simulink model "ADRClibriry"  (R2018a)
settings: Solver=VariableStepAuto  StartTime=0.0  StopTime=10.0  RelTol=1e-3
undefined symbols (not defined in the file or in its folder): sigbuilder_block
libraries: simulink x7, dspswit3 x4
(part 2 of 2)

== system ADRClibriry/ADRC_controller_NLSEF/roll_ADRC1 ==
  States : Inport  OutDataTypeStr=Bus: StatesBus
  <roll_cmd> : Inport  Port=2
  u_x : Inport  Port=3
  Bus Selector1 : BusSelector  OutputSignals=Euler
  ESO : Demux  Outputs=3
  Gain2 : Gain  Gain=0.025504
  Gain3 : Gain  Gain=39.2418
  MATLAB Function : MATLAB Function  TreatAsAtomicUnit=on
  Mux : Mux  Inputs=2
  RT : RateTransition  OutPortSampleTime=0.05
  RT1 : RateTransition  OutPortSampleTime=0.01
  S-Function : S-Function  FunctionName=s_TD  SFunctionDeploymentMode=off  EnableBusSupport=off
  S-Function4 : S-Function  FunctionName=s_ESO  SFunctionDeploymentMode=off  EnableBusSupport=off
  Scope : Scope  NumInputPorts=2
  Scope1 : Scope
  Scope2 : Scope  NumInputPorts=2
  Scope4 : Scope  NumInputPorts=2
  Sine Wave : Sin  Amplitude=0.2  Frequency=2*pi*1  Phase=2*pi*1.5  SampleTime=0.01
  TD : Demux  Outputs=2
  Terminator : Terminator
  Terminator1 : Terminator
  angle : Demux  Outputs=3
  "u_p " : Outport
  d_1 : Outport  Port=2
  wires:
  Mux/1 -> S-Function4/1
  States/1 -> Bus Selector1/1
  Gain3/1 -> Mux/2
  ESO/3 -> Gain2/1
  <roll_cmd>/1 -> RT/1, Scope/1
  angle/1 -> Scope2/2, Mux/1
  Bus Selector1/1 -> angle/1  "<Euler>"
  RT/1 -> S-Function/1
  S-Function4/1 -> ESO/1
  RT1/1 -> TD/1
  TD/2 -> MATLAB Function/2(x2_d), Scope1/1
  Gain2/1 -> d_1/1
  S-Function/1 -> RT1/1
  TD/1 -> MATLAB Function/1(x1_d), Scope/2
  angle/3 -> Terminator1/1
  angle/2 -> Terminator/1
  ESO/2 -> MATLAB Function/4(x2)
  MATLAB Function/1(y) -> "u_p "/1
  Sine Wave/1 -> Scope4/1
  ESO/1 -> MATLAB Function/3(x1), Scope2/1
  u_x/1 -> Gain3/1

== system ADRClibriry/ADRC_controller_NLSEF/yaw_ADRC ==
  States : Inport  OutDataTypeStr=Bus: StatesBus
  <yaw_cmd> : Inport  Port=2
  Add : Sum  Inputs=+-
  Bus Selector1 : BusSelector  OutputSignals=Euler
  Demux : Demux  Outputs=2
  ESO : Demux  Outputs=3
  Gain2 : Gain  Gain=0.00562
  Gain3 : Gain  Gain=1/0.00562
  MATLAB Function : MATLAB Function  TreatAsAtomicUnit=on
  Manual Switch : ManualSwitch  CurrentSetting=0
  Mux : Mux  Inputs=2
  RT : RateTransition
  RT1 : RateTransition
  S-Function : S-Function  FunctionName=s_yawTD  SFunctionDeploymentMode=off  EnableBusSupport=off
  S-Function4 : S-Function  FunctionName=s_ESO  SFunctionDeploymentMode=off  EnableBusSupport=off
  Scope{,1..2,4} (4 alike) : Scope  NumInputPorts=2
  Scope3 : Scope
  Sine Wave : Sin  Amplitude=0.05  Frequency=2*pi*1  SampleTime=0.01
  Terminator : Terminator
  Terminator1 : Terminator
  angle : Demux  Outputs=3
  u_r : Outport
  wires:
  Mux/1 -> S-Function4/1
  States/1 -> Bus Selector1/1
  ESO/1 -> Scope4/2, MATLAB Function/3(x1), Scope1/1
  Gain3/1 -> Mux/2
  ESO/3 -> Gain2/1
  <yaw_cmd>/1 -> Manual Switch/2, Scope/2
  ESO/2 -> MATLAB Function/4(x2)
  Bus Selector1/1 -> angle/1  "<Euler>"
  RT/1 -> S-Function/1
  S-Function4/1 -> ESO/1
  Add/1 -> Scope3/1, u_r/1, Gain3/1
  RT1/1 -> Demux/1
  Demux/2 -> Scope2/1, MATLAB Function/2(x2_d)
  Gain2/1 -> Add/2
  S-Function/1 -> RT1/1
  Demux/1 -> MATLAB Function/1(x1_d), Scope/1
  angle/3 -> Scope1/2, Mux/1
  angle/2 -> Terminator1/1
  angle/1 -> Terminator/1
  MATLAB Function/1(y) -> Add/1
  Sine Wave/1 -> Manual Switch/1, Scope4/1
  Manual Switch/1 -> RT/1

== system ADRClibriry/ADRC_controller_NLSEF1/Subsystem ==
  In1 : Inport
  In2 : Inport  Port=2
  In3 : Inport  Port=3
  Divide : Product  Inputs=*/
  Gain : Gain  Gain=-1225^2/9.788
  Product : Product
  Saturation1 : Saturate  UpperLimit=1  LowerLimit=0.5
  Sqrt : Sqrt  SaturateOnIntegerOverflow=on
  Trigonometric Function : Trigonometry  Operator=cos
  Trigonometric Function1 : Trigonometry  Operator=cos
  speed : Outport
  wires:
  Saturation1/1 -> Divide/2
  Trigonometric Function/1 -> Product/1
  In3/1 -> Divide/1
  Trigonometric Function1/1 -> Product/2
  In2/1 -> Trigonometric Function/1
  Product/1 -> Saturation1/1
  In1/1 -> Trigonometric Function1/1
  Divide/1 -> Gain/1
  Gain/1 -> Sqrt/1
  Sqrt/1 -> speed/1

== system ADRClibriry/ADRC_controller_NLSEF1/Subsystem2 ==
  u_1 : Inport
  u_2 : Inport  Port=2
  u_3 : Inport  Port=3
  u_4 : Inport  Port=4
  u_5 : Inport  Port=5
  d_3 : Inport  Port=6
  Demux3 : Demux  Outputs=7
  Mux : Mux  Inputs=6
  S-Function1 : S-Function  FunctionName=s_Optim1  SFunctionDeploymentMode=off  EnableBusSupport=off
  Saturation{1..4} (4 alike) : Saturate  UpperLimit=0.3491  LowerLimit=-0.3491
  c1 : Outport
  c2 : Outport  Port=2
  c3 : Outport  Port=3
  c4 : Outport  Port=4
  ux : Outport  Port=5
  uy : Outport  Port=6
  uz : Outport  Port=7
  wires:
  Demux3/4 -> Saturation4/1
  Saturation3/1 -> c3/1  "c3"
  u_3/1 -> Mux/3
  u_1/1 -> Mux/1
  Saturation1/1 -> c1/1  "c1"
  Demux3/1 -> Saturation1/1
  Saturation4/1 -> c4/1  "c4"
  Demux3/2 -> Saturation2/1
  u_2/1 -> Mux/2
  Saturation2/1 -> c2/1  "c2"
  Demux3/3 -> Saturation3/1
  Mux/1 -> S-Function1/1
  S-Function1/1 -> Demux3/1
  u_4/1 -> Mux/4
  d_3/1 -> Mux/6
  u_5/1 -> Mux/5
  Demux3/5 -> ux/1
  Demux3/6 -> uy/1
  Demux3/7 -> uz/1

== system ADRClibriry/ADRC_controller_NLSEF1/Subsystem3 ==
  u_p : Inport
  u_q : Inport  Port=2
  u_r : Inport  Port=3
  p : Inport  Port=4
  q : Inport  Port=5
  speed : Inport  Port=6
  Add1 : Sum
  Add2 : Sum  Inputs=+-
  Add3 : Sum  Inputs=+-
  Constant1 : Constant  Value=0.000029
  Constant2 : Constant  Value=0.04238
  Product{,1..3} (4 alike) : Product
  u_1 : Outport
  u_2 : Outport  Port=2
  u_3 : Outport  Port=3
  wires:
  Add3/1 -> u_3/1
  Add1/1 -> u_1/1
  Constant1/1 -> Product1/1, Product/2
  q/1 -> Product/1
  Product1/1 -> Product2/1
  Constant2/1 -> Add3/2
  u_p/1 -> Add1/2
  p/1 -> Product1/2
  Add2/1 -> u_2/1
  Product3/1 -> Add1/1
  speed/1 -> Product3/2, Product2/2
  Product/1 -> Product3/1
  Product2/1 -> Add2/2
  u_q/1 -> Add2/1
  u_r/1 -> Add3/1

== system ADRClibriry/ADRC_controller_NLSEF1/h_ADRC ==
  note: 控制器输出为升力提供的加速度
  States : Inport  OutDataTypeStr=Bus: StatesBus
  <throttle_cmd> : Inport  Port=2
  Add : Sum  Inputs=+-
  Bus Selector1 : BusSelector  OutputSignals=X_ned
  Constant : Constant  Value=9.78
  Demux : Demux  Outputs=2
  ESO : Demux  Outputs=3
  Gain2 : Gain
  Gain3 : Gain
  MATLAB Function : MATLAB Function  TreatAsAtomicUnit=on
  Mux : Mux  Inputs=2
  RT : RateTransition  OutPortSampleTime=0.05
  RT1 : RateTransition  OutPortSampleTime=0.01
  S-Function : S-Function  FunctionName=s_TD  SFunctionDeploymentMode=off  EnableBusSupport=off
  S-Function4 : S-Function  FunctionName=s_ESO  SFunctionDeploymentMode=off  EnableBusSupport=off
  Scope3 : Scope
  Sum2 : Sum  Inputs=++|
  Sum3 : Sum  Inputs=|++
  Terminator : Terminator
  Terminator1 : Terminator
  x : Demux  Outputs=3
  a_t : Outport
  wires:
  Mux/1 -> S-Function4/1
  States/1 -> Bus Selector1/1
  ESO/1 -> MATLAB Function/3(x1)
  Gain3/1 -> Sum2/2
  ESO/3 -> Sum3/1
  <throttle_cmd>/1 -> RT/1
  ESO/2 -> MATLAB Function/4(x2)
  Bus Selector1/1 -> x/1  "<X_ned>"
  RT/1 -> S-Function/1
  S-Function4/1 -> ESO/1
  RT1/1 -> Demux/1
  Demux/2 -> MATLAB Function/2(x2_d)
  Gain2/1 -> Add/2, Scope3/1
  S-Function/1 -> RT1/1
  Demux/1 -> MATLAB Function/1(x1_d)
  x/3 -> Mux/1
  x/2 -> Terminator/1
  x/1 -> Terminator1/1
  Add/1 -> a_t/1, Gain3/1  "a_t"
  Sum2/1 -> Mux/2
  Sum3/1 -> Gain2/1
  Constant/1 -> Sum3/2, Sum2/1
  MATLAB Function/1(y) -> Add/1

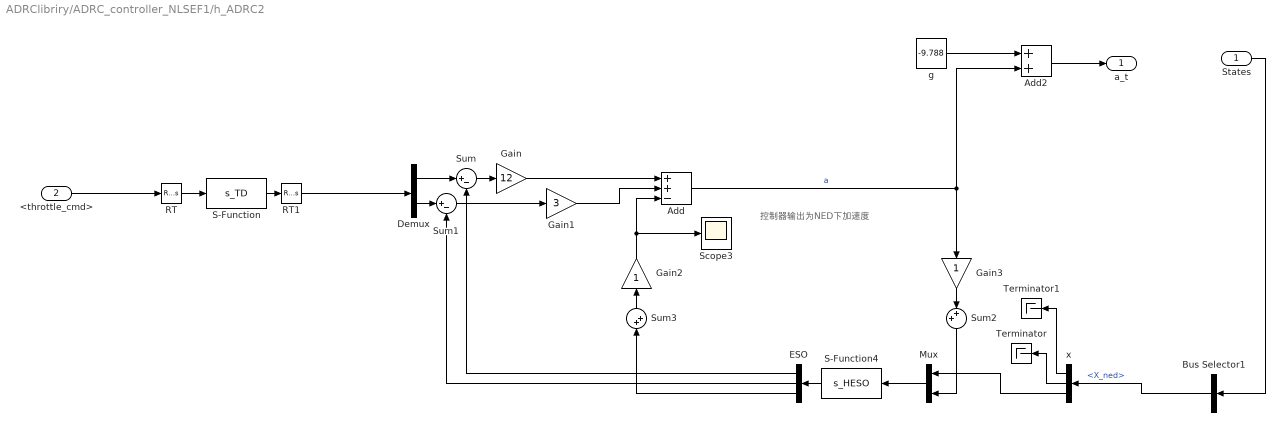
== system ADRClibriry/ADRC_controller_NLSEF1/h_ADRC2 ==
  note: 控制器输出为NED下加速度
  States : Inport  OutDataTypeStr=Bus: StatesBus
  <throttle_cmd> : Inport  Port=2
  Add : Sum  Inputs=++-
  Add2 : Sum
  Bus Selector1 : BusSelector  OutputSignals=X_ned
  Demux : Demux  Outputs=2
  ESO : Demux  Outputs=3
  Gain : Gain  Gain=12
  Gain1 : Gain  Gain=3
  Gain2 : Gain
  Gain3 : Gain
  Mux : Mux  Inputs=2
  RT : RateTransition  OutPortSampleTime=0.05
  RT1 : RateTransition  OutPortSampleTime=0.01
  S-Function : S-Function  FunctionName=s_TD  SFunctionDeploymentMode=off  EnableBusSupport=off
  S-Function4 : S-Function  FunctionName=s_HESO  SFunctionDeploymentMode=off  EnableBusSupport=off
  Scope3 : Scope
  Sum : Sum  Inputs=|+-
  Sum1 : Sum  Inputs=|+-
  Sum2 : Sum  Inputs=++|
  Sum3 : Sum  Inputs=|++
  Terminator : Terminator
  Terminator1 : Terminator
  g : Constant  Value=-9.788
  x : Demux  Outputs=3
  a_t : Outport
  wires:
  Gain1/1 -> Add/2
  Mux/1 -> S-Function4/1
  States/1 -> Bus Selector1/1
  ESO/1 -> Sum/2
  Gain3/1 -> Sum2/2
  ESO/3 -> Sum3/1
  <throttle_cmd>/1 -> RT/1
  ESO/2 -> Sum1/2
  Bus Selector1/1 -> x/1  "<X_ned>"
  RT/1 -> S-Function/1
  S-Function4/1 -> ESO/1
  Sum1/1 -> Gain1/1
  Gain/1 -> Add/1
  RT1/1 -> Demux/1
  Demux/2 -> Sum1/1
  Gain2/1 -> Add/3, Scope3/1
  S-Function/1 -> RT1/1
  Sum/1 -> Gain/1
  Demux/1 -> Sum/1
  x/3 -> Mux/1
  x/2 -> Terminator/1
  x/1 -> Terminator1/1
  Add/1 -> Add2/2, Gain3/1  "a"
  Sum2/1 -> Mux/2
  Sum3/1 -> Gain2/1
  Add2/1 -> a_t/1
  g/1 -> Add2/1

== system ADRClibriry/ADRC_controller_NLSEF1/h_ADRC3 ==
  note: 控制器输出为升力
  States : Inport  OutDataTypeStr=Bus: StatesBus
  <throttle_cmd> : Inport  Port=2
  Add : Sum  Inputs=++-
  Bus Selector1 : BusSelector  OutputSignals=X_ned
  Constant : Constant  Value=9.78
  Demux : Demux  Outputs=2
  ESO : Demux  Outputs=3
  Gain : Gain  Gain=12
  Gain1 : Gain  Gain=3
  Gain2 : Gain  Gain=1.53
  Gain3 : Gain  Gain=1/1.53
  Gain4 : Gain  Gain=1/1.53
  Mux : Mux  Inputs=2
  RT : RateTransition  OutPortSampleTime=0.05
  RT1 : RateTransition  OutPortSampleTime=0.01
  S-Function : S-Function  FunctionName=s_TD  SFunctionDeploymentMode=off  EnableBusSupport=off
  S-Function4 : S-Function  FunctionName=s_HESO  SFunctionDeploymentMode=off  EnableBusSupport=off
  Sum : Sum  Inputs=|+-
  Sum1 : Sum  Inputs=|+-
  Sum2 : Sum  Inputs=++|
  Sum3 : Sum  Inputs=|++
  Terminator : Terminator
  Terminator1 : Terminator
  x : Demux  Outputs=3
  a_t : Outport
  wires:
  Gain1/1 -> Add/2
  Mux/1 -> S-Function4/1
  States/1 -> Bus Selector1/1
  ESO/1 -> Sum/2
  Gain3/1 -> Sum2/2
  ESO/3 -> Sum3/1
  <throttle_cmd>/1 -> RT/1
  ESO/2 -> Sum1/2
  Bus Selector1/1 -> x/1  "<X_ned>"
  RT/1 -> S-Function/1
  S-Function4/1 -> ESO/1
  Sum1/1 -> Gain1/1
  Gain/1 -> Add/1
  RT1/1 -> Demux/1
  Demux/2 -> Sum1/1
  Gain2/1 -> Add/3
  S-Function/1 -> RT1/1
  Sum/1 -> Gain/1
  Demux/1 -> Sum/1
  x/3 -> Mux/1
  x/2 -> Terminator/1
  x/1 -> Terminator1/1
  Add/1 -> Gain4/1, Gain3/1  "T"
  Sum2/1 -> Mux/2
  Sum3/1 -> Gain2/1
  Constant/1 -> Sum3/2, Sum2/1
  Gain4/1 -> a_t/1

== system ADRClibriry/ADRC_controller_NLSEF1/pitch_ADRC ==
  States : Inport  OutDataTypeStr=Bus: StatesBus
  <pitch_cmd> : Inport  Port=2
  u_y : Inport  Port=3
  Add : Sum  Inputs=+-
  Bus Selector1 : BusSelector  OutputSignals=Euler
  Demux : Demux  Outputs=2
  ESO : Demux  Outputs=3
  Gain : Gain  Gain=0.025504
  Gain5 : Gain  Gain=39.2418
  MATLAB Function : MATLAB Function  TreatAsAtomicUnit=on
  Mux : Mux  Inputs=2
  RT : RateTransition  OutPortSampleTime=0.05
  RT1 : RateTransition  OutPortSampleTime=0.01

### WHAT THE TASK ASKS
Copy every line of the records above that contains "Value".

### YOUR SOLUTION
  Constant1 : Constant  Value=0.000029
  Constant2 : Constant  Value=0.04238
  Constant : Constant  Value=9.78
  g : Constant  Value=-9.788
  Constant : Constant  Value=9.78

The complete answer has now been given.